Kristina Schmiedlova serves during the Junior event
by Matt Trollope
Saturday 5 July 2014

The final of the girls' singles, an upset-riddled event, will be contested by No.8 seed Kristina Schmiedlova and unseeded Latvian Jelena Ostapenko.

They came through their semi-finals in contrasting circumstances on a grey and sometimes rainy Saturday at the All England Club, with Ostapenko breezing to victory in just 48 minutes over Czech Marketa Vondrousova while Slovakia’s Schmiedlova needed three sets and nearly two hours to subdue Romania’s Elena Gabriela Ruse.

Just two of the tournament's top-eight seeds – one being Schmiedlova – survived to the quarter-finals, and Ostapenko eliminated the highest of them, No.3 Tornado Alicia Black, for the loss of just four games.

Both finalists have links to highly-regarded professional players; Schmiedlova is the younger sister of Anna, a rapidly-rising teen who ousted Venus Williams en route to the third round at Roland Garros, while Ostapenko hails from the same nation as top 10 player Ernests Gulbis, who invited the teen to sit in his entourage for two matches during his run to the semi-finals at Roland Garros.

It will be a repeat of the final at the Wimbledon junior tune-up event in Roehampton, a match won by Ostapenko in straight sets. “I think she’s a really good player. I think if I play my best game, then I have chances to win,” the Latvian said. “I feel really comfortable because the grass is quite a fast surface. So for me it’s good because I think I can serve really well and I play aggressive, it’s my style so maybe it’s a bit easier for me to win here than for the others.”

Indeed, it was this aggression that helped her to overwhelm Vondrousova, a big-hitting Czech lefty but who for the most part could not read the direction or handle the pace of Ostapenko’s ground-strokes. A flurry of winners helped Ostapenko to a quick 3-0 lead, and 10 winners to six helped her to pocket the opening set in just 21 minutes.

Vondrousova certainly made it more competitive in the second stanza, but even when the games were tight, Ostapenko generally came out on top. She escaped from a tight fourth game to move ahead 4-0, and although she endured a lapse into errors that helped the Czech onto the board and win two games in a row, she recovered.

Not even a rain delay at 5-2 could throw off her momentum; when the players returned to the court, Ostapenko served out a 6-1, 6-2 victory to take her winning streak to 11 matches.

It wasn’t so easy for Schmiedlova, who dropped the first set to the powerful Ruse, a compact yet aggressive player in the mould of Flavia Pennetta.

Schmiedlova managed to break serve to lead 2-0 before the rain fell, and when players returned to the court Ruse could barely find the court, committing several errors and soon finding herself down 1-5. She broke for 2-5 and then after a lengthy injury time-out, she held serve for 3-5 with her left thigh heavily strapped.

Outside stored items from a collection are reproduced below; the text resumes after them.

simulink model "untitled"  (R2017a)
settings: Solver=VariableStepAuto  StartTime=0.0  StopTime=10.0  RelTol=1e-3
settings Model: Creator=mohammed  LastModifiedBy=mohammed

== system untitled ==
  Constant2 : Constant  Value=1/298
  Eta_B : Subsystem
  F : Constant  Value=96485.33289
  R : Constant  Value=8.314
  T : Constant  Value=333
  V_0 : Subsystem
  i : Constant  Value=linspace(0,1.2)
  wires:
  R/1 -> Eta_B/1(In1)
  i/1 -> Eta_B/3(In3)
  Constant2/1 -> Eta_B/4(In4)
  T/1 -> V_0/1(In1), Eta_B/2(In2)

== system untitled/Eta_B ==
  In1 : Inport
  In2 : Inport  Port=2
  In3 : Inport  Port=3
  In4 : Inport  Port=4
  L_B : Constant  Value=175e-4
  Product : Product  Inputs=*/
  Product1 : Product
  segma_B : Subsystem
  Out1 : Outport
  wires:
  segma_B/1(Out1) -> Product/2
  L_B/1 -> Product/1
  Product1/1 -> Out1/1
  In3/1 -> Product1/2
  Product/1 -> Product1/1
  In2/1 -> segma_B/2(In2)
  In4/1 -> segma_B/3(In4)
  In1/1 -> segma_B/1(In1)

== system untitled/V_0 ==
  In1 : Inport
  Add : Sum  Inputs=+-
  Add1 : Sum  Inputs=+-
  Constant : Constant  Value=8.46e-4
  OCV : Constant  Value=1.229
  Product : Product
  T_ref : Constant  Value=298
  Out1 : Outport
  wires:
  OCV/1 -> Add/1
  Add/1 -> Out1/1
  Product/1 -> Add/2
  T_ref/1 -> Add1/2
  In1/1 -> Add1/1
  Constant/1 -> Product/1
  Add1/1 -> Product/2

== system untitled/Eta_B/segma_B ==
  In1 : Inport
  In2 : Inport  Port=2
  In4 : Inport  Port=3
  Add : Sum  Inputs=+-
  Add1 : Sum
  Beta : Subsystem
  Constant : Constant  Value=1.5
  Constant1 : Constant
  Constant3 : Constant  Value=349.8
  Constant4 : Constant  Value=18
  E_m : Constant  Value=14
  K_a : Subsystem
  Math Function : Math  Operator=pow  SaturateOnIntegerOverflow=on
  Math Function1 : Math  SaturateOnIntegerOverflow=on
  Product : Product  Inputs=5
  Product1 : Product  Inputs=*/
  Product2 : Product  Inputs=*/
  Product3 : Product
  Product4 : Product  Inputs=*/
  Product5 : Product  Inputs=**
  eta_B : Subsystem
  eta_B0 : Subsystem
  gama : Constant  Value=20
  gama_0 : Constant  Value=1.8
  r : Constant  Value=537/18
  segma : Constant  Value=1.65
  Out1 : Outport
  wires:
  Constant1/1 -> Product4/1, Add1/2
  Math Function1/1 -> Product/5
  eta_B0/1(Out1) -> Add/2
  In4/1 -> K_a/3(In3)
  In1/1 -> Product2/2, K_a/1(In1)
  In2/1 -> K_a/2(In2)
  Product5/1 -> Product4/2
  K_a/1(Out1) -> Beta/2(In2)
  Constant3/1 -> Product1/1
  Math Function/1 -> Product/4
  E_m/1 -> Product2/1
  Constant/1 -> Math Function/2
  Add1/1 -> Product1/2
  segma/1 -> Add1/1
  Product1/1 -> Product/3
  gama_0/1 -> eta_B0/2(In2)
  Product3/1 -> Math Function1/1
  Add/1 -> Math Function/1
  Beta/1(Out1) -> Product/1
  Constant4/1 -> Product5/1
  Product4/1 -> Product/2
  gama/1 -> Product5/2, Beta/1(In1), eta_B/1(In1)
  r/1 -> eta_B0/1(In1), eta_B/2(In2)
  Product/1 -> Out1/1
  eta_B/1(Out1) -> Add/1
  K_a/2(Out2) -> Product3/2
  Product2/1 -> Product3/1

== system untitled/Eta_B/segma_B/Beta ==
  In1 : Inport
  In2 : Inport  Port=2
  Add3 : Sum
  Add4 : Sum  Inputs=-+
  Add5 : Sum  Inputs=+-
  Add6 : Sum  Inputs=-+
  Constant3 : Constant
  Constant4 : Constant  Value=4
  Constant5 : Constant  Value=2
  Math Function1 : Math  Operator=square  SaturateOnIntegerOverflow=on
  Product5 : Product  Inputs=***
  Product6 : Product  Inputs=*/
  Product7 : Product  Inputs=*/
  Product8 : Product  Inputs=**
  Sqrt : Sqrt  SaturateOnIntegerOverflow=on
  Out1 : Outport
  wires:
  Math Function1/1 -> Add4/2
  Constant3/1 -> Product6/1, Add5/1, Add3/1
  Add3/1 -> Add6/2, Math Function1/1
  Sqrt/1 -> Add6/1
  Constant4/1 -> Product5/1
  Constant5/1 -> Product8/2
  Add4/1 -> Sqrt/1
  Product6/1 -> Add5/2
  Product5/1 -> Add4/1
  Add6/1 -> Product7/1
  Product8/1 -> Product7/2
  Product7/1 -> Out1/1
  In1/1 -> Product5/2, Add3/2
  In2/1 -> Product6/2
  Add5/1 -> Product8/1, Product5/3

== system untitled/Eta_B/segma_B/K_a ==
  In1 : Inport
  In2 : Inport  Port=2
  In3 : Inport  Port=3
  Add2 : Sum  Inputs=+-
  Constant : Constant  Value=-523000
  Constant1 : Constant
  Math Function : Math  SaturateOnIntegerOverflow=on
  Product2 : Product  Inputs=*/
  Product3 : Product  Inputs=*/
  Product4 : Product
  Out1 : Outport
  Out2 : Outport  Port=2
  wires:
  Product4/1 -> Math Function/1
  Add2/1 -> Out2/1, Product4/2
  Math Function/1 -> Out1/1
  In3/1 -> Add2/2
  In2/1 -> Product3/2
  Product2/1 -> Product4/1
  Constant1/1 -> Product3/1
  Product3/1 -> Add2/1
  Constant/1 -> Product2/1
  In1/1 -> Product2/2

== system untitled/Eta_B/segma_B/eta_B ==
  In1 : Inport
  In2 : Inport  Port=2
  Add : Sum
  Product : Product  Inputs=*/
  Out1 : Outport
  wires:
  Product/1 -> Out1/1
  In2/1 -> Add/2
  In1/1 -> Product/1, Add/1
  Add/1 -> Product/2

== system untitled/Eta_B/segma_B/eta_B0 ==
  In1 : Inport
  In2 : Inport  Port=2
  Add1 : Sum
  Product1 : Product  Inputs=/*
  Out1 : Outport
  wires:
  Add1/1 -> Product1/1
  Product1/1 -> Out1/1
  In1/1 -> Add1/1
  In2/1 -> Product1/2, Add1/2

Yet Schmiedlova served out the set to send it to a third, and the match then progressed evenly on serve until Ruse threw in a double fault to surrender serve in the seventh game. Schmiedlova held for 5-3 thanks to several winners, and two games later moved ahead 40-0 to secure three match points. The Romanian battled, saving those and another two in an epic game of six deuces. But she erred one time too many; a backhand error sent the Slovak into the final after a 4-6, 6-3, 6-4 victory.

Schmiedlova, who said her serve had been her biggest strength in victory, was hoping to learn from her experience in the Roehampton final. “She played very aggressive so I will have to change something, but I will ask my coach,” she said.

And in the replay on the even grander stage of Wimbledon, both were thrilled to be competing for their first junior Grand Slam singles titles

Said Ostapenko: “Happy that I can play the finals here, and I will try my best.”